I do think you're naive to wait at any airport.

Head back toward downtown, or really ANY part of town and you'll snag a pax.


----------



## Dropking (Aug 18, 2017)

Love_Monkey said:


> I'm sitting in the waiting area but the number isn't showing on my home screen. I closed and opened the app (stayed online) to see if it would trigger it but nope. If I try to set my destination though, it tells me to leave the airport area first so apparently I AM in queue. Frustrating because I think I was close when I got here but I have no idea now.
> 
> Anyone ever have this happen?


The one time this happened to me I rebooted my phone entirely and it behaved normally afterward. Uber support is useless.... They just make stuff up to meet their "resolved" quotas.


----------



## MadTownUberD (Mar 11, 2017)

Terri Lee said:


> You're not the only one to have not seen a queue number with Uber.
> 
> I do think you're naive to wait at any airport.
> 
> Head back toward downtown, or really ANY part of town and you'll snag a pax.

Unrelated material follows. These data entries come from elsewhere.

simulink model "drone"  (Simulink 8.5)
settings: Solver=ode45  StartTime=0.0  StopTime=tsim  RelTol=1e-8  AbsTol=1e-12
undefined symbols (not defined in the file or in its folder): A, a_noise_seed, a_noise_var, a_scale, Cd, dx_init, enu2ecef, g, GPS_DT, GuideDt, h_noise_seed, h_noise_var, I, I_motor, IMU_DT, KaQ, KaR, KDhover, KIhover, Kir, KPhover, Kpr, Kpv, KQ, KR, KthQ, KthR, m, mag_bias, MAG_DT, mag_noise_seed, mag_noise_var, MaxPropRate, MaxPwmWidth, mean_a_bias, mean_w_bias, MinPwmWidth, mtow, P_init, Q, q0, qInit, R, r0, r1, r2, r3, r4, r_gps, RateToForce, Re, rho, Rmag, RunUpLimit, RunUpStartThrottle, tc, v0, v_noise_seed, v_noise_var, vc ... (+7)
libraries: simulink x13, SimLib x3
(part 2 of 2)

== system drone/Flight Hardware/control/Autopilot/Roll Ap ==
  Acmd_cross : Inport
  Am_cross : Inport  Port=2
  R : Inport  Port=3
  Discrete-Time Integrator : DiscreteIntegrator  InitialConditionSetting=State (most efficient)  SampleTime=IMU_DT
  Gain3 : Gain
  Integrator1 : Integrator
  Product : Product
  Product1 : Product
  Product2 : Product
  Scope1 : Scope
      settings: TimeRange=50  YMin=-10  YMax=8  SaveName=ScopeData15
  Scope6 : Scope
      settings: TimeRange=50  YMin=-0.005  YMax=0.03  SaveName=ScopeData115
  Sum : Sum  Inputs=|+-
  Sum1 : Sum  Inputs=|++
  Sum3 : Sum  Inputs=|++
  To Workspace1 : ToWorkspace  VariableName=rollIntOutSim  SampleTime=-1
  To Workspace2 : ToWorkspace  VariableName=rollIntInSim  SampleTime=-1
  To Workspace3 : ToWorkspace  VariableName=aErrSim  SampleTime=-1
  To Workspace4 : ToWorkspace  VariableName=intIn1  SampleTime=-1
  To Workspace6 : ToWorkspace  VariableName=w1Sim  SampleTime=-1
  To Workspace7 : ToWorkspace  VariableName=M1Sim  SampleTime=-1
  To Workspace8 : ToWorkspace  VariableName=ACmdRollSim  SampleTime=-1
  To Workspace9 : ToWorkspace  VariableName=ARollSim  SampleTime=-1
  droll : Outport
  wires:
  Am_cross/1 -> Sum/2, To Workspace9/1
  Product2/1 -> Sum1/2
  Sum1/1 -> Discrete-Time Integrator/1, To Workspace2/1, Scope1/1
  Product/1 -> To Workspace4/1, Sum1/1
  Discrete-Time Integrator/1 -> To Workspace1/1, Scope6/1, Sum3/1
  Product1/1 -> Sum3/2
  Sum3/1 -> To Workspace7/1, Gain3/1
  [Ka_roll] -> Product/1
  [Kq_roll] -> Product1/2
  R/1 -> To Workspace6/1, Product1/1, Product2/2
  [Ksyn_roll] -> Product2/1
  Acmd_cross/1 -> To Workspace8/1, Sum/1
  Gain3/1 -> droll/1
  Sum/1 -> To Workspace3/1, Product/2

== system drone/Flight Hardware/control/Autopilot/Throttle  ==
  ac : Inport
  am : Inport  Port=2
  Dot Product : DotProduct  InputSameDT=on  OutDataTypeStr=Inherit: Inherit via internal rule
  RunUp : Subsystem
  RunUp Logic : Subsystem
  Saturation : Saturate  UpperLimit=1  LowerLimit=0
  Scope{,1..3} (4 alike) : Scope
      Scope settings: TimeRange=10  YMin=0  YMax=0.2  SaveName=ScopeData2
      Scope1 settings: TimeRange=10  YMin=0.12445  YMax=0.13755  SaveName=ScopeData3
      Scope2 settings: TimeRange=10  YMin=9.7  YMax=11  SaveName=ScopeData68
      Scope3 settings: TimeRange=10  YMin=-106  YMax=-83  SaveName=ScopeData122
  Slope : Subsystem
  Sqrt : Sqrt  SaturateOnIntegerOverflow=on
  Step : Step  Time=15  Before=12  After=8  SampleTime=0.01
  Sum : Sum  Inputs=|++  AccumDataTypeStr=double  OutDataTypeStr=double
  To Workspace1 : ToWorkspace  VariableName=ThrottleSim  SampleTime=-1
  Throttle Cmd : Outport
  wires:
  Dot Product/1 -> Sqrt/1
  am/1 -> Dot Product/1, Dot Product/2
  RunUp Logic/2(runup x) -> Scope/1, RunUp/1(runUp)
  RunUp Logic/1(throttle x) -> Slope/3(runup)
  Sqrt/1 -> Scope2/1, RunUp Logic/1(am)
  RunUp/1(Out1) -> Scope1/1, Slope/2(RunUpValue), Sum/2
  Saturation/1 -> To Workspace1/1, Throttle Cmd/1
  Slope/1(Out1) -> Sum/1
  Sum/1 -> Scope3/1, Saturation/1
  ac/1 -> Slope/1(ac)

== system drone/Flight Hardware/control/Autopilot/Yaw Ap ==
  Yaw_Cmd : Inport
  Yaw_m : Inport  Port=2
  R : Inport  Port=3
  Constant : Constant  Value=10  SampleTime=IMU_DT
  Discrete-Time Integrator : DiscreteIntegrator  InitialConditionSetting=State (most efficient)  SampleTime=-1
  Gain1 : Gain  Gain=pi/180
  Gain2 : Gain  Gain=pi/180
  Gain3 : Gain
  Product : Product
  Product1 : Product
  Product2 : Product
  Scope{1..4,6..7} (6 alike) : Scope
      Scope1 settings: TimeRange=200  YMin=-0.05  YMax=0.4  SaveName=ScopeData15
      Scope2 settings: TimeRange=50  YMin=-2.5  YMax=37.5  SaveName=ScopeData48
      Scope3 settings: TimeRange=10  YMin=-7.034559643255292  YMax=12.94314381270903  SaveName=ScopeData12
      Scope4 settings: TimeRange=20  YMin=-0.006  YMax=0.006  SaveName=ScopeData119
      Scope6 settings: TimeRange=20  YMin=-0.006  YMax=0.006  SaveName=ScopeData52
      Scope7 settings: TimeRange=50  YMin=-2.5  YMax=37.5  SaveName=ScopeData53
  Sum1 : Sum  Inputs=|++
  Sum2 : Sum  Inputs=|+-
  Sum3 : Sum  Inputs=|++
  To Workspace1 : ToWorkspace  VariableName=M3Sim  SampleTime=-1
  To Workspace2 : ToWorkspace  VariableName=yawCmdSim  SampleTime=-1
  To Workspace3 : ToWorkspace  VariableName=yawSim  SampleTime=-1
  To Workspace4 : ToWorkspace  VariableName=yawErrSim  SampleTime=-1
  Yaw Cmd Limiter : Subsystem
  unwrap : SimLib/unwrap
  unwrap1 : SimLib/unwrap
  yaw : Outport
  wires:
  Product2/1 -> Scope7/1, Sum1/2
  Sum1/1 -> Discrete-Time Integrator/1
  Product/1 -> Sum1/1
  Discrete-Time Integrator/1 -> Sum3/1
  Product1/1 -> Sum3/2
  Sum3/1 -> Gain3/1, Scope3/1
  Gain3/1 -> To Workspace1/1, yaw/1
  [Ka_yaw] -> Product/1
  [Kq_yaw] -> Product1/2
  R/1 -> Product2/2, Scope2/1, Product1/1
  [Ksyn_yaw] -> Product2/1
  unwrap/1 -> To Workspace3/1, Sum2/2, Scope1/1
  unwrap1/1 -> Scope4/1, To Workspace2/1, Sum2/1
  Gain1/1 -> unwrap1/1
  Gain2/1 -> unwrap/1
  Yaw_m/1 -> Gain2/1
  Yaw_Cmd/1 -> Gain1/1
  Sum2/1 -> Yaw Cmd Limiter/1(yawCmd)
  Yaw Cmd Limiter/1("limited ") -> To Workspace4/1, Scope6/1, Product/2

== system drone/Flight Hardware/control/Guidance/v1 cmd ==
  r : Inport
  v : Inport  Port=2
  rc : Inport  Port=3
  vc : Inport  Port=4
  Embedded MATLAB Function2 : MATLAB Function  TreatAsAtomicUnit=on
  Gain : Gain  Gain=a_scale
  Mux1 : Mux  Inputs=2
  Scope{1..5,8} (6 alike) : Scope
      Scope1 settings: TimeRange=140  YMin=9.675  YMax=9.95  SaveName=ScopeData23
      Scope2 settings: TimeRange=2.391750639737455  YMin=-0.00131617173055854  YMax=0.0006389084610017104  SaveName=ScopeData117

Where I drive, downtown is likely to get you a pax all right....an entitled millennial college student who doesn't tip and is looking for a reason to give you less than 5*.

The airport gives you the highest likelihood of long, easy-mileage trips with a pax who is more likely to tip and give 5*. Yes, you might have to wait 30-60 minutes for it.


----------



## Uber's Guber (Oct 22, 2017)

Love_Monkey said:


> I'm so effing sick and tired of spending my Friday nights doing this and to have wasted two hours makes me want to *vomit*. I hate uber tonight.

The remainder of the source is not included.